* **REQUIREMENT**: Tally the lines of the data below that contain the string "both". Give the tally and nothing else.

--- EXERCISE INPUTS Enclosed Below ---

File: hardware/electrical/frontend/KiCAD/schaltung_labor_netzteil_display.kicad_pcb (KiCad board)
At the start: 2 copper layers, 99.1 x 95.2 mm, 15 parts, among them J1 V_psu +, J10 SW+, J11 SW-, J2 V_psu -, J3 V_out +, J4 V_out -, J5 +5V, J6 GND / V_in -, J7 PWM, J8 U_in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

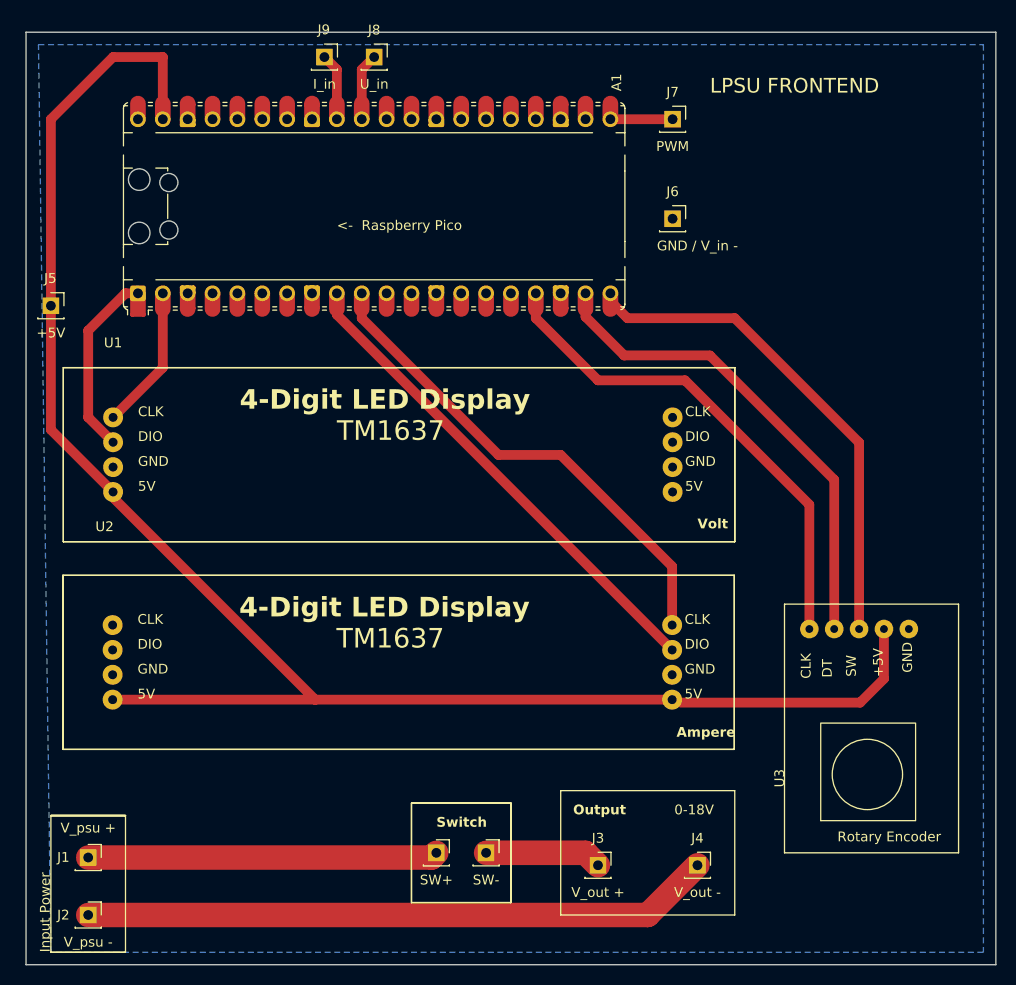
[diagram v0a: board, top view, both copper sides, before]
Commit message: Updated PCBs; added Bleed Resistor and fixed Frontend GND connections
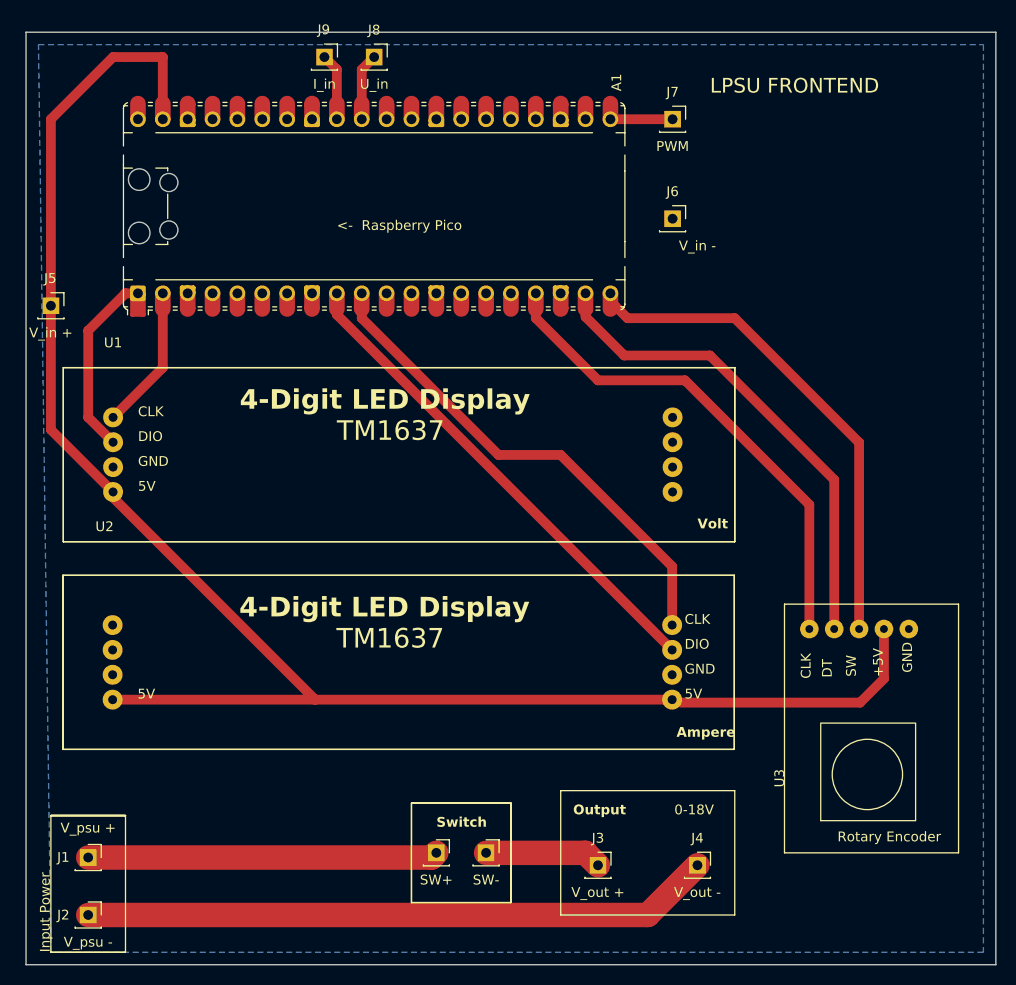
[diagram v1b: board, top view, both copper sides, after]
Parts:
- J5: value +5V -> V_in +
- J6: value GND / V_in - -> V_in -
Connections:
- A1 pad 13: Net-(A1-GND-Pad13) -> GND
- A1 pad 18: Net-(A1-GND-Pad13) -> GND
- A1 pad 23: Net-(A1-GND-Pad13) -> GND
- A1 pad 28: Net-(A1-GND-Pad13) -> GND
- A1 pad 3: Net-(A1-GND-Pad13) -> GND
- A1 pad 33: unconnected-(A1-AGND-Pad33) -> GND
- A1 pad 38: Net-(A1-GND-Pad13) -> GND
- A1 pad 8: Net-(A1-GND-Pad13) -> GND

--- End of Enclosed EXERCISE INPUTS ---

* **EXERCISE RESULT**: 2